_Source records_
=======
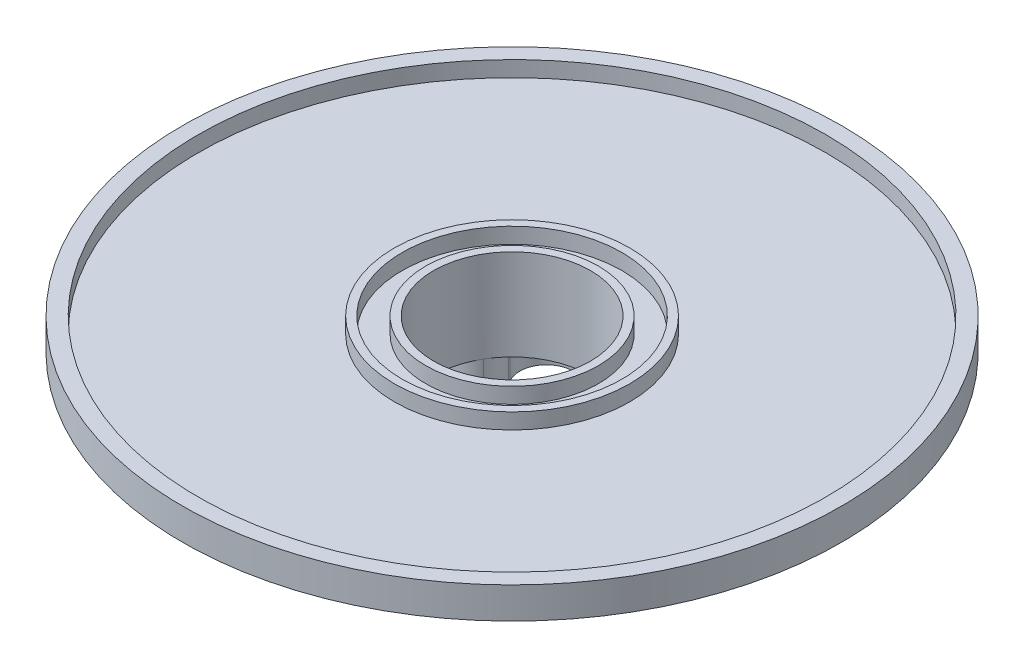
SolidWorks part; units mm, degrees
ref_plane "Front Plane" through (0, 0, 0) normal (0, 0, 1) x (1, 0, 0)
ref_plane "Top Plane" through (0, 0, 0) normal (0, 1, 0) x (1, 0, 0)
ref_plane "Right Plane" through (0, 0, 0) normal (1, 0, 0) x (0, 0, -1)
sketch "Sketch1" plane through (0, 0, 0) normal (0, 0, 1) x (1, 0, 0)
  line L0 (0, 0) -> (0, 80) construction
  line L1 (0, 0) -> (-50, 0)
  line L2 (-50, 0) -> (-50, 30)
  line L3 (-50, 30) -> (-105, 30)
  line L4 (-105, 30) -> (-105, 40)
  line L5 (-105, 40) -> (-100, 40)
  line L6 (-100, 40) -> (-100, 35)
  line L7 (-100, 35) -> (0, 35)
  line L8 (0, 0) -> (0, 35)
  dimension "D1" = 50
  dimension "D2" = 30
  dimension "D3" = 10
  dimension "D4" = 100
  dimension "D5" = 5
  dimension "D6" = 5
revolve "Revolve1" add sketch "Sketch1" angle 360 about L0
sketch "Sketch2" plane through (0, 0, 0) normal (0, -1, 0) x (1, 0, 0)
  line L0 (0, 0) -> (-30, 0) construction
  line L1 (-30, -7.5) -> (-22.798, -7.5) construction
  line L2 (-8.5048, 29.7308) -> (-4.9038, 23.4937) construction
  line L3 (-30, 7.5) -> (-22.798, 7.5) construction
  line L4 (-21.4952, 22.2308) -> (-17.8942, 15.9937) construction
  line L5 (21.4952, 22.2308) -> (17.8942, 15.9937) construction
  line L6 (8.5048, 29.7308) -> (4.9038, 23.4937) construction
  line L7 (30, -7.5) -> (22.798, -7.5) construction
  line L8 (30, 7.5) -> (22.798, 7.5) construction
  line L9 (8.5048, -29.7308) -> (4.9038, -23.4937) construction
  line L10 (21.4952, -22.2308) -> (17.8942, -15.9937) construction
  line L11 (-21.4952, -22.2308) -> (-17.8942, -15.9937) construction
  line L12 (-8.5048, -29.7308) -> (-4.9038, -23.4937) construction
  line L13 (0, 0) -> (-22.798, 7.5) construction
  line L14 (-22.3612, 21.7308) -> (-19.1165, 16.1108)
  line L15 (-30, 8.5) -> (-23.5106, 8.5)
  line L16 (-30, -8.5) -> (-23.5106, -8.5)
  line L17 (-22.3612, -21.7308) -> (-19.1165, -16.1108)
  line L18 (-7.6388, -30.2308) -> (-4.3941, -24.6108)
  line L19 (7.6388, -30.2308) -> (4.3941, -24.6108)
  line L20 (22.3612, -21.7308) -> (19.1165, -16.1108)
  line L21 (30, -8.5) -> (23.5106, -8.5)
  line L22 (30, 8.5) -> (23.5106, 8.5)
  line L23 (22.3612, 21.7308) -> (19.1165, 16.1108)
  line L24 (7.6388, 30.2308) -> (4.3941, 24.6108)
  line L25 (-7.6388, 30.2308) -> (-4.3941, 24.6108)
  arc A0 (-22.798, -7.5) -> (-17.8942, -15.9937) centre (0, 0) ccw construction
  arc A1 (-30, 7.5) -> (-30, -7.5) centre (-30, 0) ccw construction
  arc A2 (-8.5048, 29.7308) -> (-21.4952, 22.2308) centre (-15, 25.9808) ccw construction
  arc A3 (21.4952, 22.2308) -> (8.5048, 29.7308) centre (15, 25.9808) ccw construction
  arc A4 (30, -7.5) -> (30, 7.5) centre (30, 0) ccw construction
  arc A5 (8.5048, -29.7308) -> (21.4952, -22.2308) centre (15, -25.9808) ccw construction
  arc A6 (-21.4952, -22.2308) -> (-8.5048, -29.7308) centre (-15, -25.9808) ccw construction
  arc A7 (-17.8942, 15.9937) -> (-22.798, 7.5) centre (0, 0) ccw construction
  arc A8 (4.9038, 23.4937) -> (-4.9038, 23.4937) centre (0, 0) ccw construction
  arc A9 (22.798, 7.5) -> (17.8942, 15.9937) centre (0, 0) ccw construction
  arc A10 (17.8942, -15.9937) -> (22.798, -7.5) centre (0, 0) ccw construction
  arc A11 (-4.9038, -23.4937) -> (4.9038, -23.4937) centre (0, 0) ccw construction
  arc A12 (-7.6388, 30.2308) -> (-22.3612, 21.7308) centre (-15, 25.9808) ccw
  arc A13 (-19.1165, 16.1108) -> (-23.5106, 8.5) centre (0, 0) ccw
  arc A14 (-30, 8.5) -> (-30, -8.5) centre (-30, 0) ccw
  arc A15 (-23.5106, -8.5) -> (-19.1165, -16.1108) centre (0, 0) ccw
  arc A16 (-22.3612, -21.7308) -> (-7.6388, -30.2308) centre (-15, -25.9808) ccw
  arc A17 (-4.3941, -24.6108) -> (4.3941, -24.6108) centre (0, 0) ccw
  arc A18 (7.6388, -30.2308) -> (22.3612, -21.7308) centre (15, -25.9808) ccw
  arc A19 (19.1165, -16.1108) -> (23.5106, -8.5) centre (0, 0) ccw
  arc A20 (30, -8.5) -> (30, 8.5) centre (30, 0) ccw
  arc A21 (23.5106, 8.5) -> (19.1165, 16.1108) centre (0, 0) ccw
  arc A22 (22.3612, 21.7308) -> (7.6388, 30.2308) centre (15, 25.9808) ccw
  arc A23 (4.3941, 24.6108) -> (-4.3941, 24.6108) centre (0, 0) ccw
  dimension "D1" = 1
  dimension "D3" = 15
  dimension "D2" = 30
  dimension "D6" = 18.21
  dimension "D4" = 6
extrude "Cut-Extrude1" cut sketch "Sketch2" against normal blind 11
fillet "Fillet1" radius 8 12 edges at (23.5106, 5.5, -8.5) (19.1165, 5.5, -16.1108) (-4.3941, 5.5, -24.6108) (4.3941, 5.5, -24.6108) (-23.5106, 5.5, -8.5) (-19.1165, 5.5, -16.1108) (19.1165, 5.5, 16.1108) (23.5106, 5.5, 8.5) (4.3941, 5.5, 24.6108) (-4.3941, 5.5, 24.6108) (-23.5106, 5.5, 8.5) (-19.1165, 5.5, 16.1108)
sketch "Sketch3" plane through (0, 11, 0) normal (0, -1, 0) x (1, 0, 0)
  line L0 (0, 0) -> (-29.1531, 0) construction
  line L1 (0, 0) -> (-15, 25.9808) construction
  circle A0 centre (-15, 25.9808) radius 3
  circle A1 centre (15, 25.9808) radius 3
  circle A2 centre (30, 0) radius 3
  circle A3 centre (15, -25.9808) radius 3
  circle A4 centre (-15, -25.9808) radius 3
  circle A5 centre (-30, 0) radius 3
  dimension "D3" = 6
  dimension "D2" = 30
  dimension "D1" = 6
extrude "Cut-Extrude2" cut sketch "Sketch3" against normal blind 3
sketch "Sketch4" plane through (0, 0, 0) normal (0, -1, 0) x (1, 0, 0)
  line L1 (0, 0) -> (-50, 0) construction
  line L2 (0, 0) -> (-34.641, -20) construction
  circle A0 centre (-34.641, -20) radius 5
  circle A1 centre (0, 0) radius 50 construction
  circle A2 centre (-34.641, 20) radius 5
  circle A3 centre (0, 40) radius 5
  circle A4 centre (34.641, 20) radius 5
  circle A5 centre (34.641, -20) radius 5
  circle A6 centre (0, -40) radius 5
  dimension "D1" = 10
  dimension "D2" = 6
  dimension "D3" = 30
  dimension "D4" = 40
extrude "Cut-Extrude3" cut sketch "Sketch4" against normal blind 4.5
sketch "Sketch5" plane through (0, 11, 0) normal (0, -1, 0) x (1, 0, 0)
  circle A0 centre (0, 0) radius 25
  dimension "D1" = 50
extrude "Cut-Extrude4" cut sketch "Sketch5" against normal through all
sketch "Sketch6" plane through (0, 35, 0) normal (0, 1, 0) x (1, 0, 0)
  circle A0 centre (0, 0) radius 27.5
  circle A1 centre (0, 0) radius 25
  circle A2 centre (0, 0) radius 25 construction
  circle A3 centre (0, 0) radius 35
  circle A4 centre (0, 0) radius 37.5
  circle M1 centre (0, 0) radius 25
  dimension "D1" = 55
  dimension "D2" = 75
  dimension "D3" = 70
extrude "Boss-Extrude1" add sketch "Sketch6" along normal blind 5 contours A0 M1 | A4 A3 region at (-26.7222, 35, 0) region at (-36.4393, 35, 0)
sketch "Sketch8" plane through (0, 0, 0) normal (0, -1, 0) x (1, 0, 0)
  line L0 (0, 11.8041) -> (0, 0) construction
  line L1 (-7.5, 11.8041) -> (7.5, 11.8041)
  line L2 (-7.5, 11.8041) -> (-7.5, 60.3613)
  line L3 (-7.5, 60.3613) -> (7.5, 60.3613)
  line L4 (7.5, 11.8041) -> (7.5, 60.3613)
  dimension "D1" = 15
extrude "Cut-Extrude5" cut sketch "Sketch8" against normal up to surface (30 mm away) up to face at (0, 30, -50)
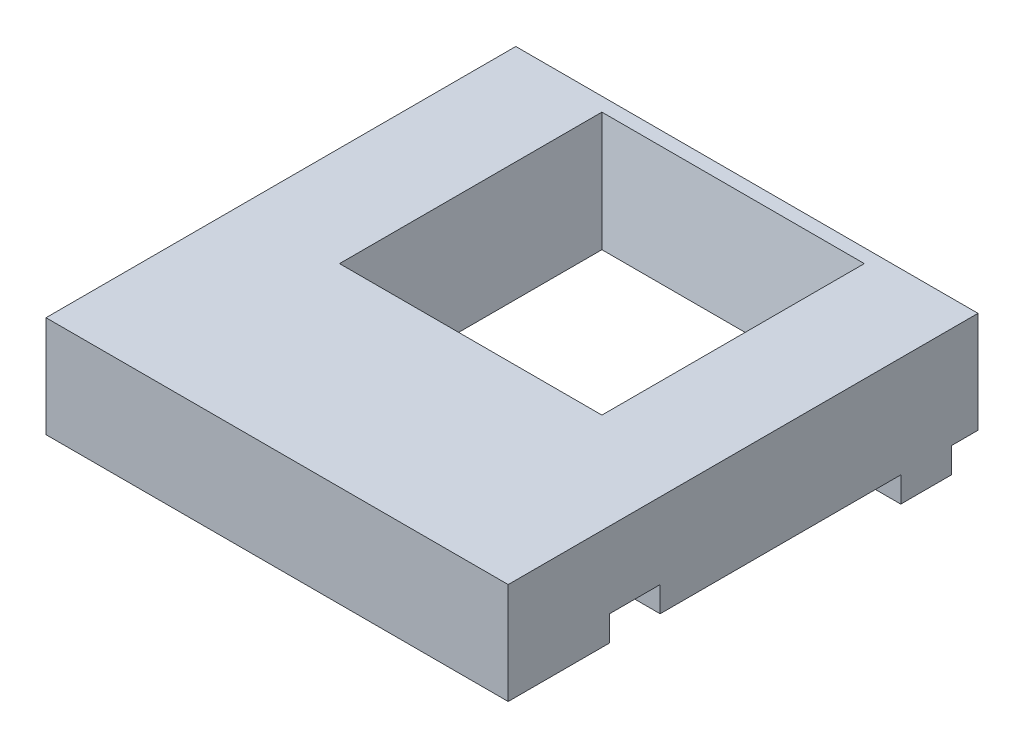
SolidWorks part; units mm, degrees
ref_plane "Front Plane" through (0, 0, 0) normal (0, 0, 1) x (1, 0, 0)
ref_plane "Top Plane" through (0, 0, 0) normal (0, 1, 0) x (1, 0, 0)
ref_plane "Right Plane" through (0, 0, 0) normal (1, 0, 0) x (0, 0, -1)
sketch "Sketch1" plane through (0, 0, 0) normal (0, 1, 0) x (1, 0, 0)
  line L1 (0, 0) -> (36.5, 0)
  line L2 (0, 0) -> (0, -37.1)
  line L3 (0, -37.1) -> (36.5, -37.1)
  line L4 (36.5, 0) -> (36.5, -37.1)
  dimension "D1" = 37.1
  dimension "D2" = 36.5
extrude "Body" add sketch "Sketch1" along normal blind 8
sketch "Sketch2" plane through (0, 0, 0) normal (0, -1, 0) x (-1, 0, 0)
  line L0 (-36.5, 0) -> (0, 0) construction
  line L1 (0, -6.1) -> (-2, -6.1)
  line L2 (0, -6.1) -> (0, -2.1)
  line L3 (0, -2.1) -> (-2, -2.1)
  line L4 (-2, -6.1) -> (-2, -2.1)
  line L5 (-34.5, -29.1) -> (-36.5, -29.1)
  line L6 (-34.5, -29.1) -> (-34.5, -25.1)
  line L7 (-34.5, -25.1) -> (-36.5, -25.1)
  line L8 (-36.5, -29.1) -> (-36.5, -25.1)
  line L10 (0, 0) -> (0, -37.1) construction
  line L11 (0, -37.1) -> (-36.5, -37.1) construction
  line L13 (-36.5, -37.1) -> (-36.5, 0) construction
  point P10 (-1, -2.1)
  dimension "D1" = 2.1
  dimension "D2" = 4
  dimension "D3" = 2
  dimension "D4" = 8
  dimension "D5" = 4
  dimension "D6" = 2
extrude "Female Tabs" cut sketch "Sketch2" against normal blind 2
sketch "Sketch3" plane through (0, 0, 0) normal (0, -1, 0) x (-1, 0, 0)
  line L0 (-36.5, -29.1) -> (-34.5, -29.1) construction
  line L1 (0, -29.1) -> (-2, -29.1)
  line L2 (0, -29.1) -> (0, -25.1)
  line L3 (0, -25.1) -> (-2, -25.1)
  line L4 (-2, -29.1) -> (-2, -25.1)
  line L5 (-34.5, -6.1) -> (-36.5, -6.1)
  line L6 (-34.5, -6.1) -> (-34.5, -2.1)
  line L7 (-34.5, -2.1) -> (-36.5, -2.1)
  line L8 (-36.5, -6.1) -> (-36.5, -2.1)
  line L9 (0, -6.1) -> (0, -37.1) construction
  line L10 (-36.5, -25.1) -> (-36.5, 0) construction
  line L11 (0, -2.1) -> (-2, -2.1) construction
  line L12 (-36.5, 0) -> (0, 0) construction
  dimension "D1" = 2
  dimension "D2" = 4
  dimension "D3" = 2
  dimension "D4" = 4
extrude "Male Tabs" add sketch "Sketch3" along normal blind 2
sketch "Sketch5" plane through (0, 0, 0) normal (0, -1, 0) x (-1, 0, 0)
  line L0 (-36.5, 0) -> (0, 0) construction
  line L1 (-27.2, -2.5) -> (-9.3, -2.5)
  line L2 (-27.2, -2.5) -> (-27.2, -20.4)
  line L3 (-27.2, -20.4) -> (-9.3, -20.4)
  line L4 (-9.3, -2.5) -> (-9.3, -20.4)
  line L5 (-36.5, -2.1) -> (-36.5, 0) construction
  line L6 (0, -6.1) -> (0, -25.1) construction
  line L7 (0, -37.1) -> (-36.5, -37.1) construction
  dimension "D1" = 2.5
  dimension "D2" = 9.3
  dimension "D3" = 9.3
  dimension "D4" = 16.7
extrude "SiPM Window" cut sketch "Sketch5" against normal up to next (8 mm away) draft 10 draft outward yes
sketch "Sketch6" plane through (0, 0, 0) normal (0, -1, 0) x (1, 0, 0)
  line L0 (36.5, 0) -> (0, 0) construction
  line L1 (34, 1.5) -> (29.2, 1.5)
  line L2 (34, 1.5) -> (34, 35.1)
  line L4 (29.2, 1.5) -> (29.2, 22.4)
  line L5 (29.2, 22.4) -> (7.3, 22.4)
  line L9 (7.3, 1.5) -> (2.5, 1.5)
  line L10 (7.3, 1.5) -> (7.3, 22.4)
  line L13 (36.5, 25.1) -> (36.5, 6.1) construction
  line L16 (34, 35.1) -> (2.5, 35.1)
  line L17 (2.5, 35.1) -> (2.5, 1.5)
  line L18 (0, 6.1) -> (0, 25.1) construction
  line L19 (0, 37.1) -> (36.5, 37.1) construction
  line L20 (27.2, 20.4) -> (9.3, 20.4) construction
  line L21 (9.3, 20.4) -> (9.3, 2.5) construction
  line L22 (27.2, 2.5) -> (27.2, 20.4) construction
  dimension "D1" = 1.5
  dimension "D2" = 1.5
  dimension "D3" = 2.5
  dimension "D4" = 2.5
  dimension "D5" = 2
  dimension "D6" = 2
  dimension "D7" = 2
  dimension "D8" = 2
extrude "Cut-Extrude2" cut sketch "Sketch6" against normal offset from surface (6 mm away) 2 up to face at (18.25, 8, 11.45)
=======
_Work to complete_
Collect the complete line wherever the string "surface" appears in the records.

_Answer area_
extrude "Cut-Extrude5" cut sketch "Sketch8" against normal up to surface (30 mm away) up to face at (0, 30, -50)
extrude "Cut-Extrude2" cut sketch "Sketch6" against normal offset from surface (6 mm away) 2 up to face at (18.25, 8, 11.45)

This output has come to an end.